Os beijos eram cada vez mais vazios e as mãos tocavam mais com a ponta dos dedos, unhas e dentes e não mais com as palmas, com a pele, com as bochechas e os cílios.

Então Fellas sabia que estava perdendo a mulher que amava.

Ela nunca fora dele, e ele sabia. Mas ela entrou em sua vida como um furacão de olhos azuis e cabelos loiros e era injusto que tantos anos depois simplesmente... nada.

Anos antes, Athera voltara a Velaris. Sumira por anos, então, ela estava de volta.

Mas os olhos tinham círculos arroxeados, ela estava cada vez mais magra, cada vez mais infeliz, cada vez se entorpecendo mais.

Ela nunca fora dele, nunca lhe deu amor, nunca lhe deu comprometimento. Mas ele a amava tanto que supôs que podia amar por dois de um modo ou de outro.

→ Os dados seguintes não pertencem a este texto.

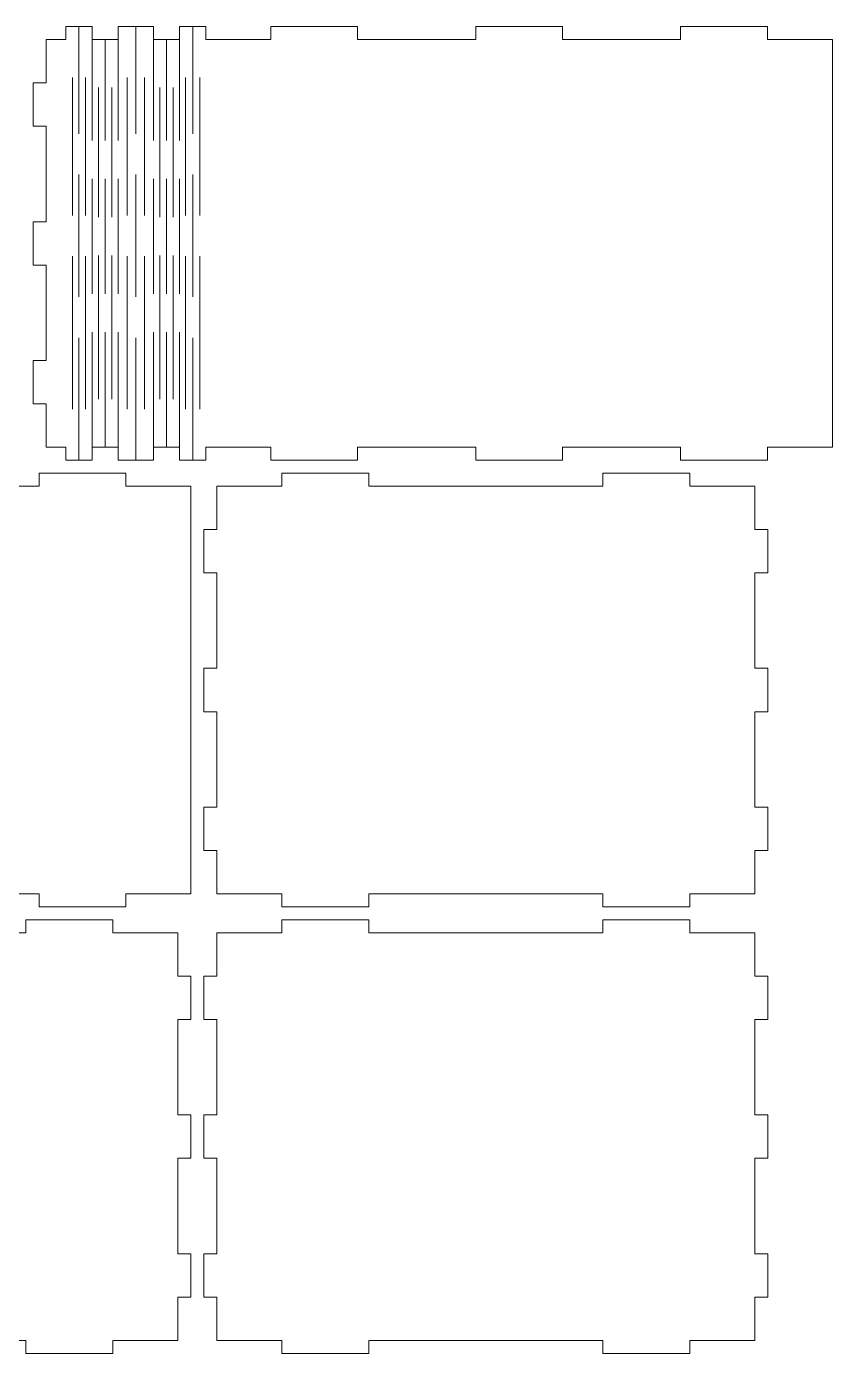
# Model space of a CAD drawing. Header units: millimetres. Extents: x -375 to 375, y -739 to 739.
# Drawn here: x 188.7 to 374.5, y 135.9 to 441.9 of the extents above; entities that cross this region are included whole.
import ezdxf

# ---------------------------------------------------------------- set-up
doc = ezdxf.new("R2010")
doc.units = ezdxf.units.MM
doc.header["$MEASUREMENT"] = 0
doc.layers.add('Camada 1', color=7, linetype='Continuous')

msp = doc.modelspace()

# ---------------------------------------------------------------- linework, layer by layer
at = {"layer": 'Camada 1', "color": 250, "lineweight": 20}
for points, knots in [([(265.0725, 438.9442), (265.0725, 438.9442), (292.3002, 438.9442), (292.3002, 438.9442), (292.3002, 438.9442), (292.3002, 438.9442), (292.3002, 441.9442), (292.3002, 441.9442), (292.3002, 441.9442), (292.3002, 441.9442), (312.3001, 441.9442), (312.3001, 441.9442), (312.3001, 441.9442), (312.3001, 441.9442), (312.3001, 438.9442), (312.3001, 438.9442), (312.3001, 438.9442), (312.3001, 438.9442), (339.5279, 438.9442), (339.5279, 438.9442), (339.5279, 438.9442), (339.5279, 438.9442), (339.5279, 441.9442), (339.5279, 441.9442), (339.5279, 441.9442), (339.5279, 441.9442), (359.5279, 441.9442), (359.5279, 441.9442), (359.5279, 441.9442), (359.5279, 441.9442), (359.5279, 438.9442), (359.5279, 438.9442), (359.5279, 438.9442), (359.5279, 438.9442), (374.5278, 438.9442), (374.5278, 438.9442), (374.5278, 438.9442), (374.5278, 438.9442), (374.5278, 344.9446), (374.5278, 344.9446), (374.5278, 344.9446), (374.5278, 344.9446), (359.5279, 344.9446), (359.5279, 344.9446), (359.5279, 344.9446), (359.5279, 344.9446), (359.5279, 341.9446), (359.5279, 341.9446), (359.5279, 341.9446), (359.5279, 341.9446), (339.5279, 341.9446), (339.5279, 341.9446), (339.5279, 341.9446), (339.5279, 341.9446), (339.5279, 344.9446), (339.5279, 344.9446), (339.5279, 344.9446), (339.5279, 344.9446), (312.3001, 344.9446), (312.3001, 344.9446), (312.3001, 344.9446), (312.3001, 344.9446), (312.3001, 341.9446), (312.3001, 341.9446), (312.3001, 341.9446), (312.3001, 341.9446), (292.3002, 341.9446), (292.3002, 341.9446), (292.3002, 341.9446), (292.3002, 341.9446), (292.3002, 344.9446), (292.3002, 344.9446), (292.3002, 344.9446), (292.3002, 344.9446), (265.0725, 344.9446), (265.0725, 344.9446), (265.0725, 344.9446), (265.0725, 344.9446), (265.0725, 341.9446), (265.0725, 341.9446), (265.0725, 341.9446), (265.0725, 341.9446), (245.0726, 341.9446), (245.0726, 341.9446), (245.0726, 341.9446), (245.0726, 341.9446), (245.0726, 344.9446), (245.0726, 344.9446), (245.0726, 344.9446), (245.0726, 344.9446), (230.0727, 344.9446), (230.0727, 344.9446), (230.0727, 344.9446), (230.0727, 344.9446), (230.0727, 341.9446), (230.0727, 341.9446), (230.0727, 341.9446), (230.0727, 341.9446), (224.0278, 341.9446), (224.0278, 341.9446), (224.0278, 341.9446), (224.0278, 341.9446), (224.0278, 344.9446), (224.0278, 344.9446), (224.0278, 344.9446), (224.0278, 344.9446), (217.9829, 344.9446), (217.9829, 344.9446), (217.9829, 344.9446), (217.9829, 344.9446), (217.9829, 341.9446), (217.9829, 341.9446), (217.9829, 341.9446), (217.9829, 341.9446), (209.8883, 341.9446), (209.8883, 341.9446), (209.8883, 341.9446), (209.8883, 341.9446), (209.8883, 344.9446), (209.8883, 344.9446), (209.8883, 344.9446), (209.8883, 344.9446), (203.8435, 344.9446), (203.8435, 344.9446), (203.8435, 344.9446), (203.8435, 344.9446), (203.8435, 341.9446), (203.8435, 341.9446), (203.8435, 341.9446), (203.8435, 341.9446), (197.7986, 341.9446), (197.7986, 341.9446), (197.7986, 341.9446), (197.7986, 341.9446), (197.7986, 344.9446), (197.7986, 344.9446), (197.7986, 344.9446), (197.7986, 344.9446), (193.2389, 344.9446), (193.2389, 344.9446), (193.2389, 344.9446), (193.2389, 344.9446), (193.2389, 354.9445), (193.2389, 354.9445), (193.2389, 354.9445), (193.2389, 354.9445), (190.2389, 354.9445), (190.2389, 354.9445), (190.2389, 354.9445), (190.2389, 354.9445), (190.2389, 364.9445), (190.2389, 364.9445), (190.2389, 364.9445), (190.2389, 364.9445), (193.2389, 364.9445), (193.2389, 364.9445), (193.2389, 364.9445), (193.2389, 364.9445), (193.2389, 386.9444), (193.2389, 386.9444), (193.2389, 386.9444), (193.2389, 386.9444), (190.2389, 386.9444), (190.2389, 386.9444), (190.2389, 386.9444), (190.2389, 386.9444), (190.2389, 396.9444), (190.2389, 396.9444), (190.2389, 396.9444), (190.2389, 396.9444), (193.2389, 396.9444), (193.2389, 396.9444), (193.2389, 396.9444), (193.2389, 396.9444), (193.2389, 418.9443), (193.2389, 418.9443), (193.2389, 418.9443), (193.2389, 418.9443), (190.2389, 418.9443), (190.2389, 418.9443), (190.2389, 418.9443), (190.2389, 418.9443), (190.2389, 428.9443), (190.2389, 428.9443), (190.2389, 428.9443), (190.2389, 428.9443), (193.2389, 428.9443), (193.2389, 428.9443), (193.2389, 428.9443), (193.2389, 428.9443), (193.2389, 438.9442), (193.2389, 438.9442), (193.2389, 438.9442), (193.2389, 438.9442), (197.7986, 438.9442), (197.7986, 438.9442), (197.7986, 438.9442), (197.7986, 438.9442), (197.7986, 441.9442), (197.7986, 441.9442), (197.7986, 441.9442), (197.7986, 441.9442), (203.8435, 441.9442), (203.8435, 441.9442), (203.8435, 441.9442), (203.8435, 441.9442), (203.8435, 438.9442), (203.8435, 438.9442), (203.8435, 438.9442), (203.8435, 438.9442), (209.8883, 438.9442), (209.8883, 438.9442), (209.8883, 438.9442), (209.8883, 438.9442), (209.8883, 441.9442), (209.8883, 441.9442), (209.8883, 441.9442), (209.8883, 441.9442), (217.9829, 441.9442), (217.9829, 441.9442), (217.9829, 441.9442), (217.9829, 441.9442), (217.9829, 438.9442), (217.9829, 438.9442), (217.9829, 438.9442), (217.9829, 438.9442), (224.0278, 438.9442), (224.0278, 438.9442), (224.0278, 438.9442), (224.0278, 438.9442), (224.0278, 441.9442), (224.0278, 441.9442), (224.0278, 441.9442), (224.0278, 441.9442), (230.0727, 441.9442), (230.0727, 441.9442), (230.0727, 441.9442), (230.0727, 441.9442), (230.0727, 438.9442), (230.0727, 438.9442), (230.0727, 438.9442), (230.0727, 438.9442), (245.0726, 438.9442), (245.0726, 438.9442), (245.0726, 438.9442), (245.0726, 438.9442), (245.0726, 441.9442), (245.0726, 441.9442), (245.0726, 441.9442), (245.0726, 441.9442), (265.0725, 441.9442), (265.0725, 441.9442), (265.0725, 441.9442), (265.0725, 441.9442), (265.0725, 438.9442), (265.0725, 438.9442)], [0, 0, 0, 0, 0.01538462, 0.01538462, 0.01538462, 0.01538462, 0.03076923, 0.03076923, 0.03076923, 0.03076923, 0.04615385, 0.04615385, 0.04615385, 0.04615385, 0.06153846, 0.06153846, 0.06153846, 0.06153846, 0.07692308, 0.07692308, 0.07692308, 0.07692308, 0.09230769, 0.09230769, 0.09230769, 0.09230769, 0.10769231, 0.10769231, 0.10769231, 0.10769231, 0.12307692, 0.12307692, 0.12307692, 0.12307692, 0.13846154, 0.13846154, 0.13846154, 0.13846154, 0.15384615, 0.15384615, 0.15384615, 0.15384615, 0.16923077, 0.16923077, 0.16923077, 0.16923077, 0.18461538, 0.18461538, 0.18461538, 0.18461538, 0.2, 0.2, 0.2, 0.2, 0.21538462, 0.21538462, 0.21538462, 0.21538462, 0.23076923, 0.23076923, 0.23076923, 0.23076923, 0.24615385, 0.24615385, 0.24615385, 0.24615385, 0.26153846, 0.26153846, 0.26153846, 0.26153846, 0.27692308, 0.27692308, 0.27692308, 0.27692308, 0.29230769, 0.29230769, 0.29230769, 0.29230769, 0.30769231, 0.30769231, 0.30769231, 0.30769231, 0.32307692, 0.32307692, 0.32307692, 0.32307692, 0.33846154, 0.33846154, 0.33846154, 0.33846154, 0.35384615, 0.35384615, 0.35384615, 0.35384615, 0.36923077, 0.36923077, 0.36923077, 0.36923077, 0.38461538, 0.38461538, 0.38461538, 0.38461538, 0.4, 0.4, 0.4, 0.4, 0.41538462, 0.41538462, 0.41538462, 0.41538462, 0.43076923, 0.43076923, 0.43076923, 0.43076923, 0.44615385, 0.44615385, 0.44615385, 0.44615385, 0.46153846, 0.46153846, 0.46153846, 0.46153846, 0.47692308, 0.47692308, 0.47692308, 0.47692308, 0.49230769, 0.49230769, 0.49230769, 0.49230769, 0.50769231, 0.50769231, 0.50769231, 0.50769231, 0.52307692, 0.52307692, 0.52307692, 0.52307692, 0.53846154, 0.53846154, 0.53846154, 0.53846154, 0.55384615, 0.55384615, 0.55384615, 0.55384615, 0.56923077, 0.56923077, 0.56923077, 0.56923077, 0.58461538, 0.58461538, 0.58461538, 0.58461538, 0.6, 0.6, 0.6, 0.6, 0.61538462, 0.61538462, 0.61538462, 0.61538462, 0.63076923, 0.63076923, 0.63076923, 0.63076923, 0.64615385, 0.64615385, 0.64615385, 0.64615385, 0.66153846, 0.66153846, 0.66153846, 0.66153846, 0.67692308, 0.67692308, 0.67692308, 0.67692308, 0.69230769, 0.69230769, 0.69230769, 0.69230769, 0.70769231, 0.70769231, 0.70769231, 0.70769231, 0.72307692, 0.72307692, 0.72307692, 0.72307692, 0.73846154, 0.73846154, 0.73846154, 0.73846154, 0.75384615, 0.75384615, 0.75384615, 0.75384615, 0.76923077, 0.76923077, 0.76923077, 0.76923077, 0.78461538, 0.78461538, 0.78461538, 0.78461538, 0.8, 0.8, 0.8, 0.8, 0.81538462, 0.81538462, 0.81538462, 0.81538462, 0.83076923, 0.83076923, 0.83076923, 0.83076923, 0.84615385, 0.84615385, 0.84615385, 0.84615385, 0.86153846, 0.86153846, 0.86153846, 0.86153846, 0.87692308, 0.87692308, 0.87692308, 0.87692308, 0.89230769, 0.89230769, 0.89230769, 0.89230769, 0.90769231, 0.90769231, 0.90769231, 0.90769231, 0.92307692, 0.92307692, 0.92307692, 0.92307692, 0.93846154, 0.93846154, 0.93846154, 0.93846154, 0.95384615, 0.95384615, 0.95384615, 0.95384615, 0.96923077, 0.96923077, 0.96923077, 0.96923077, 1, 1, 1, 1]), ([(131.9179, 335.9446), (131.9179, 335.9446), (92.2232, 335.9446), (92.2232, 335.9446), (92.2232, 335.9446), (92.2232, 335.9446), (92.2232, 338.9446), (92.2232, 338.9446), (92.2232, 338.9446), (92.2232, 338.9446), (72.2233, 338.9446), (72.2233, 338.9446), (72.2233, 338.9446), (72.2233, 338.9446), (72.2233, 335.9446), (72.2233, 335.9446), (72.2233, 335.9446), (72.2233, 335.9446), (32.5287, 335.9446), (32.5287, 335.9446), (32.5287, 335.9446), (32.5287, 335.9446), (32.5287, 338.9446), (32.5287, 338.9446), (32.5287, 338.9446), (32.5287, 338.9446), (12.5288, 338.9446), (12.5288, 338.9446), (12.5288, 338.9446), (12.5288, 338.9446), (12.5288, 335.9446), (12.5288, 335.9446), (12.5288, 335.9446), (12.5288, 335.9446), (-2.4712, 335.9446), (-2.4712, 335.9446), (-2.4712, 335.9446), (-2.4712, 335.9446), (-2.4712, 338.9446), (-2.4712, 338.9446), (-2.4712, 338.9446), (-2.4712, 338.9446), (-8.4822, 338.9446), (-8.4822, 338.9446), (-8.4822, 338.9446), (-8.4822, 338.9446), (-8.4822, 335.9446), (-8.4822, 335.9446), (-8.4822, 335.9446), (-8.4822, 335.9446), (-29.9542, 335.9446), (-29.9542, 335.9446), (-29.9542, 335.9446), (-29.9542, 335.9446), (-29.9542, 338.9446), (-29.9542, 338.9446), (-29.9542, 338.9446), (-29.9542, 338.9446), (-35.9652, 338.9446), (-35.9652, 338.9446), (-35.9652, 338.9446), (-35.9652, 338.9446), (-35.9652, 335.9446), (-35.9652, 335.9446), (-35.9652, 335.9446), (-35.9652, 335.9446), (-57.4372, 335.9446), (-57.4372, 335.9446), (-57.4372, 335.9446), (-57.4372, 335.9446), (-57.4372, 338.9446), (-57.4372, 338.9446), (-57.4372, 338.9446), (-57.4372, 338.9446), (-63.4482, 338.9446), (-63.4482, 338.9446), (-63.4482, 338.9446), (-63.4482, 338.9446), (-63.4482, 335.9446), (-63.4482, 335.9446), (-63.4482, 335.9446), (-63.4482, 335.9446), (-68.0078, 335.9446), (-68.0078, 335.9446), (-68.0078, 335.9446), (-68.0078, 335.9446), (-68.0078, 325.9447), (-68.0078, 325.9447), (-68.0078, 325.9447), (-68.0078, 325.9447), (-71.0078, 325.9447), (-71.0078, 325.9447), (-71.0078, 325.9447), (-71.0078, 325.9447), (-71.0078, 315.9447), (-71.0078, 315.9447), (-71.0078, 315.9447), (-71.0078, 315.9447), (-68.0078, 315.9447), (-68.0078, 315.9447), (-68.0078, 315.9447), (-68.0078, 315.9447), (-68.0078, 293.9448), (-68.0078, 293.9448), (-68.0078, 293.9448), (-68.0078, 293.9448), (-71.0078, 293.9448), (-71.0078, 293.9448), (-71.0078, 293.9448), (-71.0078, 293.9448), (-71.0078, 283.9448), (-71.0078, 283.9448), (-71.0078, 283.9448), (-71.0078, 283.9448), (-68.0078, 283.9448), (-68.0078, 283.9448), (-68.0078, 283.9448), (-68.0078, 283.9448), (-68.0078, 261.9449), (-68.0078, 261.9449), (-68.0078, 261.9449), (-68.0078, 261.9449), (-71.0078, 261.9449), (-71.0078, 261.9449), (-71.0078, 261.9449), (-71.0078, 261.9449), (-71.0078, 251.9449), (-71.0078, 251.9449), (-71.0078, 251.9449), (-71.0078, 251.9449), (-68.0078, 251.9449), (-68.0078, 251.9449), (-68.0078, 251.9449), (-68.0078, 251.9449), (-68.0078, 241.945), (-68.0078, 241.945), (-68.0078, 241.945), (-68.0078, 241.945), (-63.4482, 241.945), (-63.4482, 241.945), (-63.4482, 241.945), (-63.4482, 241.945), (-63.4482, 238.945), (-63.4482, 238.945), (-63.4482, 238.945), (-63.4482, 238.945), (-57.4372, 238.945), (-57.4372, 238.945), (-57.4372, 238.945), (-57.4372, 238.945), (-57.4372, 241.945), (-57.4372, 241.945), (-57.4372, 241.945), (-57.4372, 241.945), (-35.9652, 241.945), (-35.9652, 241.945), (-35.9652, 241.945), (-35.9652, 241.945), (-35.9652, 238.945), (-35.9652, 238.945), (-35.9652, 238.945), (-35.9652, 238.945), (-29.9542, 238.945), (-29.9542, 238.945), (-29.9542, 238.945), (-29.9542, 238.945), (-29.9542, 241.945), (-29.9542, 241.945), (-29.9542, 241.945), (-29.9542, 241.945), (-8.4822, 241.945), (-8.4822, 241.945), (-8.4822, 241.945), (-8.4822, 241.945), (-8.4822, 238.945), (-8.4822, 238.945), (-8.4822, 238.945), (-8.4822, 238.945), (-2.4712, 238.945), (-2.4712, 238.945), (-2.4712, 238.945), (-2.4712, 238.945), (-2.4712, 241.945), (-2.4712, 241.945), (-2.4712, 241.945), (-2.4712, 241.945), (12.5288, 241.945), (12.5288, 241.945), (12.5288, 241.945), (12.5288, 241.945), (12.5288, 238.945), (12.5288, 238.945), (12.5288, 238.945), (12.5288, 238.945), (32.5287, 238.945), (32.5287, 238.945), (32.5287, 238.945), (32.5287, 238.945), (32.5287, 241.945), (32.5287, 241.945), (32.5287, 241.945), (32.5287, 241.945), (72.2233, 241.945), (72.2233, 241.945), (72.2233, 241.945), (72.2233, 241.945), (72.2233, 238.945), (72.2233, 238.945), (72.2233, 238.945), (72.2233, 238.945), (92.2232, 238.945), (92.2232, 238.945), (92.2232, 238.945), (92.2232, 238.945), (92.2232, 241.945), (92.2232, 241.945), (92.2232, 241.945), (92.2232, 241.945), (131.9179, 241.945), (131.9179, 241.945), (131.9179, 241.945), (131.9179, 241.945), (131.9179, 238.945), (131.9179, 238.945), (131.9179, 238.945), (131.9179, 238.945), (151.9178, 238.945), (151.9178, 238.945), (151.9178, 238.945), (151.9178, 238.945), (151.9178, 241.945), (151.9178, 241.945), (151.9178, 241.945), (151.9178, 241.945), (191.6124, 241.945), (191.6124, 241.945), (191.6124, 241.945), (191.6124, 241.945), (191.6124, 238.945), (191.6124, 238.945), (191.6124, 238.945), (191.6124, 238.945), (211.6123, 238.945), (211.6123, 238.945), (211.6123, 238.945), (211.6123, 238.945), (211.6123, 241.945), (211.6123, 241.945), (211.6123, 241.945), (211.6123, 241.945), (226.6122, 241.945), (226.6122, 241.945), (226.6122, 241.945), (226.6122, 241.945), (226.6122, 335.9446), (226.6122, 335.9446), (226.6122, 335.9446), (226.6122, 335.9446), (211.6123, 335.9446), (211.6123, 335.9446), (211.6123, 335.9446), (211.6123, 335.9446), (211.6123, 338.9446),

Então quando o vinho desceu pela garganta e ele passou a mão pelos cabelos, pensou mais uma vez no que poderia fazer para fazer com que ela fosse mais feliz. O que ela encontrou em sua cidade natal, nunca contou, quando ela voltou assustada, cabelos molhados e asas abertas, ele se espantou, mas estava tão desesperado por ela, tão extasiado que apenas sorriu e abriu a porta.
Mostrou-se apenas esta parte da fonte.